Note: Rustc does this with the unstable rustc_layout_scalar_VALID_range_ * attribute.
Note: For any type with a limited set of valid values, uninitialized memory is also implicitly invalid. In other words, the only cases where uninitialized memory is allowed to be read are within the union and in the padding (the gap between fields/elements of a type).

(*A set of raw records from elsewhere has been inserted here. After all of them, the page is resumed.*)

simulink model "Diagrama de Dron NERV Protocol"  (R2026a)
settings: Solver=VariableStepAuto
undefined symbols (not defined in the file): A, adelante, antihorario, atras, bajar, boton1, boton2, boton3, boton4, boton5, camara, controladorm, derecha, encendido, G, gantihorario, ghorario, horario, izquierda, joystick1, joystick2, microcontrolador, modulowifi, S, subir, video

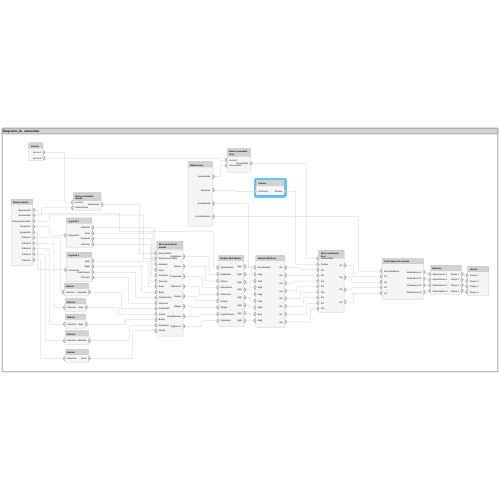
[thumbnail: Simulink's stored preview of the top-level diagram]
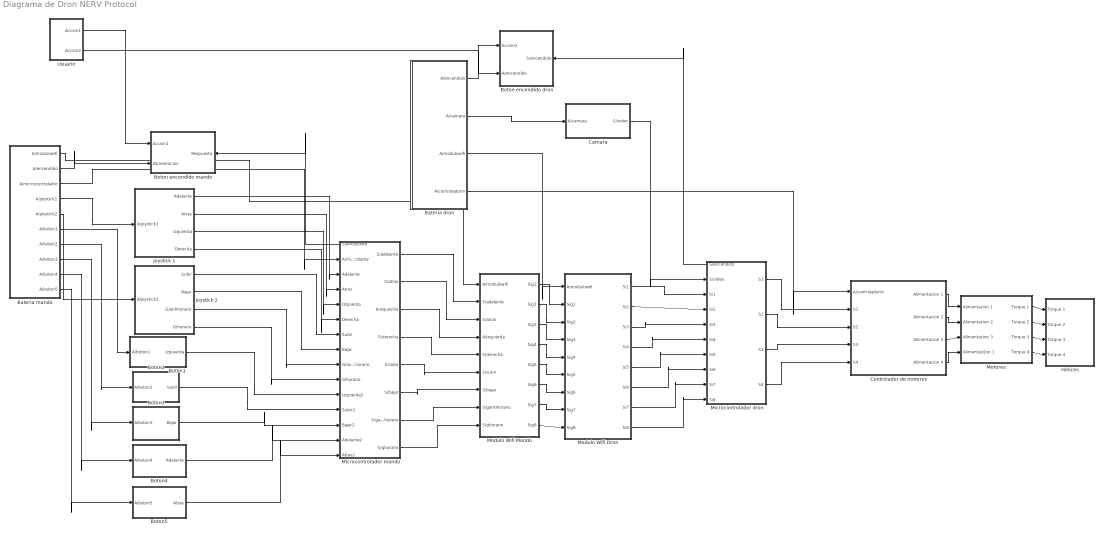
== system Diagrama de Dron NERV Protocol ==
  Bateria dron : Subsystem
      settings: PortSchema="{\"entries\":[{\"content\":{\"headerSize\":26,\"margin\":15,\"minimumSpacing\":25,\"sides\":[{\"content\":{},\"type\":\"ConnectorPlacement.EquallySpacedRectSide\",\"uuid\":\"2bf6d042-84ef-4730-88f6-3dff55cafecf\"},{\"content\":{\"connectorIds\":[\"Out1\",\"Out2\",\"Out3\",\"Out4\"],\"side\":\"RIGHT\"},\"type\":\"ConnectorPlacement.EquallySpacedRectSide\",\"uuid\":\"8f67bf94-d3d5-4da5-abec-0099f91d79d4\"},{\"content\":{\"side\":\"TOP\"},\"type\":\"ConnectorPlacement.EquallySpacedRectSide\",\"uuid\":\"7fdef67b-3e3b-4487-991c-040d13a0e676\"}]},\"type\":\"ConnectorPlacement.EquallySpacedConnector\",\"uuid\":\"d2ee6619-957d-4521-bbff-daa84c43e1b5\"}],\"packageUris\":[\"http://schema.mathworks.com/mf0/Connector/R2020b\"],\"version\":\"1.0\"}"
  Bateria mando : Subsystem
      settings: PortSchema="{\"entries\":[{\"content\":{\"headerSize\":26,\"margin\":15,\"minimumSpacing\":25,\"sides\":[{\"content\":{},\"type\":\"ConnectorPlacement.EquallySpacedRectSide\",\"uuid\":\"c8c9d0d9-9f51-4378-b4f1-417ae5560a64\"},{\"content\":{\"connectorIds\":[\"Out1\",\"Out2\",\"Out3\",\"Out4\",\"Out5\",\"Out6\",\"Out7\",\"Out8\",\"Out9\",\"Out10\"],\"side\":\"RIGHT\"},\"type\":\"ConnectorPlacement.EquallySpacedRectSide\",\"uuid\":\"af341b24-fdfa-4fbe-98c5-0f07d2be8a36\"},{\"content\":{\"side\":\"TOP\"},\"type\":\"ConnectorPlacement.EquallySpacedRectSide\",\"uuid\":\"c7c4f077-f713-4504-becb-cb3de254be2a\"}]},\"type\":\"ConnectorPlacement.EquallySpacedConnector\",\"uuid\":\"2a74e7c1-b664-434d-aa05-bb22f18d4dbf\"}],\"packageUris\":[\"http://schema.mathworks.com/mf0/Connector/R2020b\"],\"version\":\"1.0\"}"
  Boton encendido dron : Subsystem
      settings: PortSchema="{\"entries\":[{\"content\":{\"headerSize\":26,\"margin\":15,\"minimumSpacing\":25,\"sides\":[{\"content\":{\"connectorIds\":[\"In1\",\"In2\"]},\"type\":\"ConnectorPlacement.EquallySpacedRectSide\",\"uuid\":\"c8c9d0d9-9f51-4378-b4f1-417ae5560a64\"},{\"content\":{\"connectorIds\":[\"In3\"],\"side\":\"RIGHT\"},\"type\":\"ConnectorPlacement.EquallySpacedRectSide\",\"uuid\":\"af341b24-fdfa-4fbe-98c5-0f07d2be8a36\"},{\"content\":{\"side\":\"TOP\"},\"type\":\"ConnectorPlacement.EquallySpacedRectSide\",\"uuid\":\"c7c4f077-f713-4504-becb-cb3de254be2a\"}]},\"type\":\"ConnectorPlacement.EquallySpacedConnector\",\"uuid\":\"2a74e7c1-b664-434d-aa05-bb22f18d4dbf\"}],\"packageUris\":[\"http://schema.mathworks.com/mf0/Connector/R2020b\"],\"version\":\"1.0\"}"
  Boton encendido mando : Subsystem
      settings: PortSchema="{\"entries\":[{\"content\":{\"headerSize\":26,\"margin\":15,\"minimumSpacing\":25,\"sides\":[{\"content\":{\"connectorIds\":[\"In1\",\"In2\"]},\"type\":\"ConnectorPlacement.EquallySpacedRectSide\",\"uuid\":\"c8c9d0d9-9f51-4378-b4f1-417ae5560a64\"},{\"content\":{\"connectorIds\":[\"In3\"],\"side\":\"RIGHT\"},\"type\":\"ConnectorPlacement.EquallySpacedRectSide\",\"uuid\":\"af341b24-fdfa-4fbe-98c5-0f07d2be8a36\"},{\"content\":{\"side\":\"TOP\"},\"type\":\"ConnectorPlacement.EquallySpacedRectSide\",\"uuid\":\"c7c4f077-f713-4504-becb-cb3de254be2a\"}]},\"type\":\"ConnectorPlacement.EquallySpacedConnector\",\"uuid\":\"2a74e7c1-b664-434d-aa05-bb22f18d4dbf\"}],\"packageUris\":[\"http://schema.mathworks.com/mf0/Connector/R2020b\"],\"version\":\"1.0\"}"
  Boton1 : Subsystem
      settings: PortSchema="{\"entries\":[{\"content\":{\"headerSize\":26,\"margin\":15,\"minimumSpacing\":25,\"sides\":[{\"content\":{\"connectorIds\":[\"In1\"]},\"type\":\"ConnectorPlacement.EquallySpacedRectSide\",\"uuid\":\"859b65f9-1e56-49db-ad0e-625ee06f8163\"},{\"content\":{\"connectorIds\":[\"Out1\"],\"side\":\"RIGHT\"},\"type\":\"ConnectorPlacement.EquallySpacedRectSide\",\"uuid\":\"c49bccff-8b78-479d-ba62-905aef2a1b5e\"},{\"content\":{\"side\":\"TOP\"},\"type\":\"ConnectorPlacement.EquallySpacedRectSide\",\"uuid\":\"337def3d-9fc7-40b9-833c-a49097c9210f\"}]},\"type\":\"ConnectorPlacement.EquallySpacedConnector\",\"uuid\":\"a8accb01-4db9-4c00-8da7-dedce669f5d7\"}],\"packageUris\":[\"http://schema.mathworks.com/mf0/Connector/R2020b\"],\"version\":\"1.0\"}"
  Boton2 : Subsystem
      settings: PortSchema="{\"entries\":[{\"content\":{\"headerSize\":26,\"margin\":15,\"minimumSpacing\":25,\"sides\":[{\"content\":{\"connectorIds\":[\"In1\"]},\"type\":\"ConnectorPlacement.EquallySpacedRectSide\",\"uuid\":\"859b65f9-1e56-49db-ad0e-625ee06f8163\"},{\"content\":{\"connectorIds\":[\"Out1\"],\"side\":\"RIGHT\"},\"type\":\"ConnectorPlacement.EquallySpacedRectSide\",\"uuid\":\"c49bccff-8b78-479d-ba62-905aef2a1b5e\"},{\"content\":{\"side\":\"TOP\"},\"type\":\"ConnectorPlacement.EquallySpacedRectSide\",\"uuid\":\"337def3d-9fc7-40b9-833c-a49097c9210f\"}]},\"type\":\"ConnectorPlacement.EquallySpacedConnector\",\"uuid\":\"a8accb01-4db9-4c00-8da7-dedce669f5d7\"}],\"packageUris\":[\"http://schema.mathworks.com/mf0/Connector/R2020b\"],\"version\":\"1.0\"}"
  Boton3 : Subsystem
      settings: PortSchema="{\"entries\":[{\"content\":{\"headerSize\":26,\"margin\":15,\"minimumSpacing\":25,\"sides\":[{\"content\":{\"connectorIds\":[\"In1\"]},\"type\":\"ConnectorPlacement.EquallySpacedRectSide\",\"uuid\":\"859b65f9-1e56-49db-ad0e-625ee06f8163\"},{\"content\":{\"connectorIds\":[\"Out1\"],\"side\":\"RIGHT\"},\"type\":\"ConnectorPlacement.EquallySpacedRectSide\",\"uuid\":\"c49bccff-8b78-479d-ba62-905aef2a1b5e\"},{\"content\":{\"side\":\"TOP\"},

Note: Undefined behavior affects the entire program. For example, calling a function in C that exhibits undefined BEHAVIOR in C means that your entire program contains undefined behavior, which also affects Rust code. Vice versa, undefined behavior in Rust can adversely affect code executed by any FFI call in another language.
Dangling pointer
A reference/pointer is dangling if it is empty, or if all the addresses it points to are not valid addresses (such as memory allocated by malloc). The range to which it points is determined by the value of the pointer and the size of the type to which it points (using size_of_val). Therefore, if the pointing range is empty, the drape is the same as non-empty.
Note that slices and strings point to their entire range, so they can’t be very long. The memory allocation length, slice, and string length cannot be larger than isize::MAX bytes.